奴隷の私を自由にして欲しいと『軍師』に頼んでくれない?」
と調子にのった私は、仲良くなった異世界人に頼んでみた。
すると仲の良い異世界人は……
「軍師に頼めば良いんだね。わかった。でも僕の頼みを『あの軍師』聞いてくれるかなぁ?」
この異世界人は、あんまり自分に自信がないみたい。
そのせいか、私が少し媚びたら私の言う事を、何でも聞いてくれる。
(操りやすくて、大変よろしい!)
私は上機嫌。
「私達奴隷はね。何人かの異世界人が『軍師』に頼んでくれたら、自由になれる契約なの。お願いね」
って泣き落とし。
後日
軍師からは……
『異世界人からアナタを奴隷から開放して欲しい。アナタを自由にして欲しいと言われました』
「そう!」
どうやら私の作戦は上手く行ったらしい。
この調子なら、奴隷から解放される日も近いかも。
具体的に、どれくらいで奴隷から解放されるのかは知らないけれども。
『よく異世界人をてなずけましたね。
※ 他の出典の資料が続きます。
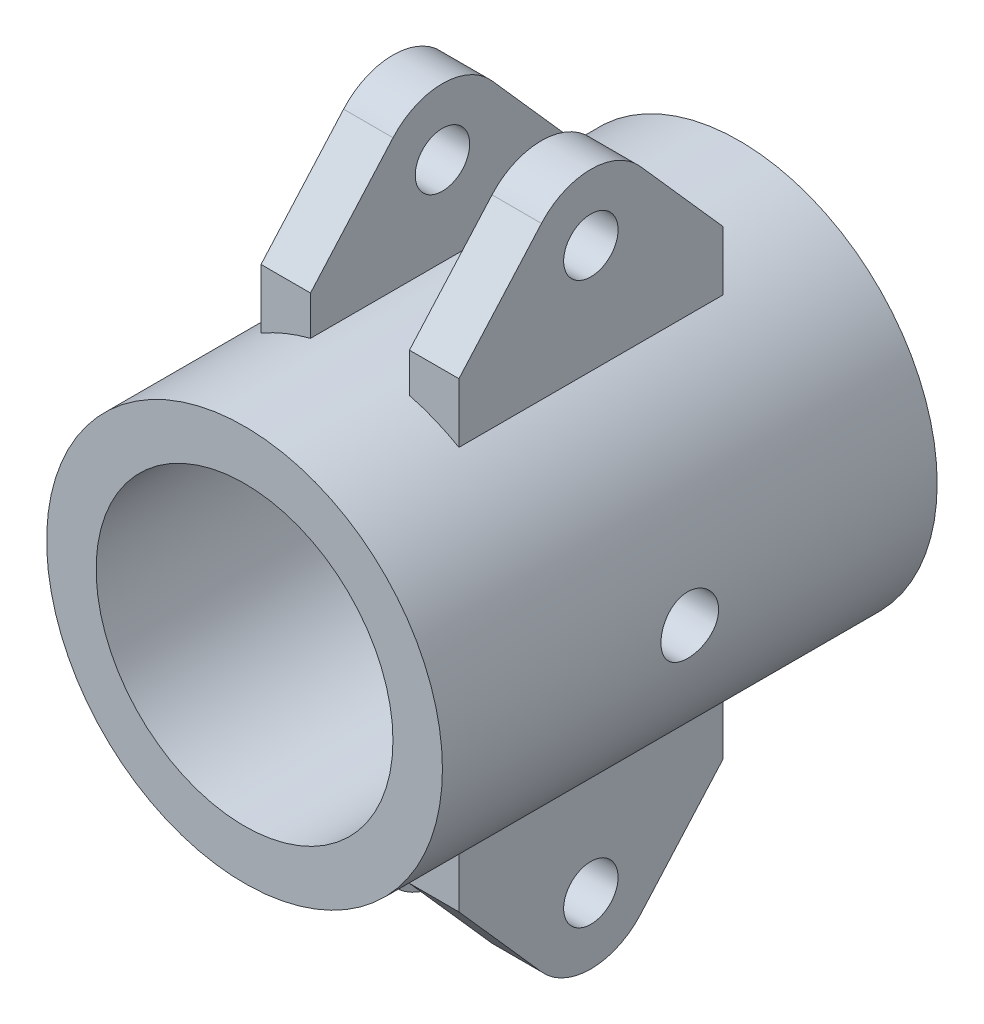
from build123d import *

# Parameters (mm, degrees)
SKETCH_1_R               = 12
SKETCH_1_R_2             = 9
EXTRUDE_1_DEPTH          = 30
SKETCH_2_R               = 1.65
EXTRUDE_2_DEPTH          = 3
SKETCH_3_R               = 1.75
CUT_EXTRUDE_1_DEPTH      = 13
CUT_EXTRUDE_1_DEPTH_BACK = 13
MIRROR_2_COPY_1_SKETCH_R = 1.65
MIRROR_2_COPY_1_DEPTH    = 3


with BuildPart() as part:
    # ｽｹｯﾁ1 → ﾎﾞｽ - 押し出し1 (new body)
    with BuildSketch(Plane.XY):
        Circle(SKETCH_1_R)
        Circle(SKETCH_1_R_2, mode=Mode.SUBTRACT)
    extrude(amount=EXTRUDE_1_DEPTH)

    # ｽｹｯﾁ2 → ﾎﾞｽ - 押し出し2 (add)
    with BuildSketch(Plane(origin=(3, 0, 0), x_dir=(0, 0, -1), z_dir=(1, 0, 0))):
        with BuildLine():
            Line((-23, 9), (-23, 14))
            Line((-23, 14), (-17.994493332, 19.651982218))
            ThreePointArc((-17.994493332, 19.651982218), (-15, 21), (-12.005506668, 19.651982218))
            Line((-12.005506668, 19.651982218), (-7, 14))
            Line((-7, 14), (-7, 9))
            Line((-7, 9), (-23, 9))
        make_face()
        with Locations((-15, 17)):
            Circle(SKETCH_2_R, mode=Mode.SUBTRACT)
    extrude_2 = extrude(amount=EXTRUDE_2_DEPTH)

    # ﾐﾗｰ1: ﾎﾞｽ - 押し出し2 across plane
    add(extrude_2.mirror(Plane(origin=(0, 0, 0), x_dir=(0, 0, 1), z_dir=(1, 0, 0))))

    # ｽｹｯﾁ3 → ｶｯﾄ - 押し出し1 (cut, two sides)
    with BuildSketch(Plane(origin=(0, 0, 0), x_dir=(0, 0, -1), z_dir=(1, 0, 0))) as cut_extrude_1_sk:
        with Locations((-15, 0)):
            Circle(SKETCH_3_R)
    extrude(amount=CUT_EXTRUDE_1_DEPTH, mode=Mode.SUBTRACT)
    extrude(cut_extrude_1_sk.sketch, amount=-CUT_EXTRUDE_1_DEPTH_BACK, mode=Mode.SUBTRACT)

    # ﾐﾗｰ2: ﾎﾞｽ - 押し出し2 across plane
    add(extrude_2.mirror(Plane.ZX))

    # ﾐﾗｰ2 copy 1 sketch → ﾐﾗｰ2 copy 1 (add)
    with BuildSketch(Plane(origin=(-3, 0, 0), x_dir=(0, 0, -1), z_dir=(-1, 0, 0))):
        with BuildLine():
            Line((-23, 9), (-23, 14))
            Line((-23, 14), (-17.994493332, 19.651982218))
            ThreePointArc((-17.994493332, 19.651982218), (-15, 21), (-12.005506668, 19.651982218))
            Line((-12.005506668, 19.651982218), (-7, 14))
            Line((-7, 14), (-7, 9))
            Line((-7, 9), (-23, 9))
        make_face()
        with Locations((-15, 17)):
            Circle(MIRROR_2_COPY_1_SKETCH_R, mode=Mode.SUBTRACT)
    extrude(amount=MIRROR_2_COPY_1_DEPTH)


solid = part.part

良くやりました。私の計画通りです』
軍師から褒められる。
嬉しい。
「えへへ。」
『しかし……異世界人の報酬を巻き上げてはいけません。お仕置きです。』
ガツン!
「イタ〜イ」
軍師からゲンコツを貰った。
『報酬を巻き上げられた異世界人が、この国を嫌ったら、どうするのです。返して来なさい』
「もう、お金は使っちゃいました」
(よいごしのお金はもたないぞ。
私達奴隷には計画性が無い人が多い。
お金が無くても主人が寝床やご飯は用意してくれるから)
私がそんな感じの事を言うと、軍師はため息をついた。
『アナタは……仕方がない。私がたて替えましょう。コレを返して来なさい』
軍師から、お金を渡された。
後日……
軍師から渡されたお金を、仲良くなった異世界人に返さず。
そのお金で仲良くなった異世界人と二人で豪遊した。
それが軍師にバレた。
怒られた。
私は……
「異世界人に、お金を返すのも
異世界人と私の二人で、お金を豪遊するのも同じでしょ」
と軍師に、言い訳した。
『私は異世界人に返せと言いましたよね?
アナタが使い込む為に渡した訳では有りませんよ。
それに……
そのお金は私が立て替えたお金ですよ
それを……被害者の異世界人と一緒にとは言え使い込むとは……』
またゲンコツを貰った。
イライラしたので、陰気で気の弱そうな孤立している異世界人を見つけて……
「アラ、貴方ぶさ面ねぇ。
ビンタしてあげるね」
「え? なぜ?」
バチーン。
ストレス発散には異世界人をビンタするに限る。
【何をしているのですか? 貴方は!】
軍師に見つかりゲンコツされました。
痛い痛いゲンコツなのだ。
私にとっては、その男が何をしたかは問題じゃないの。
その男がイケメンかどうかが問題なのに……軍師は何もわかっていない。
私の気も知らないで……
やっぱ、この軍師、馬鹿なんじゃない?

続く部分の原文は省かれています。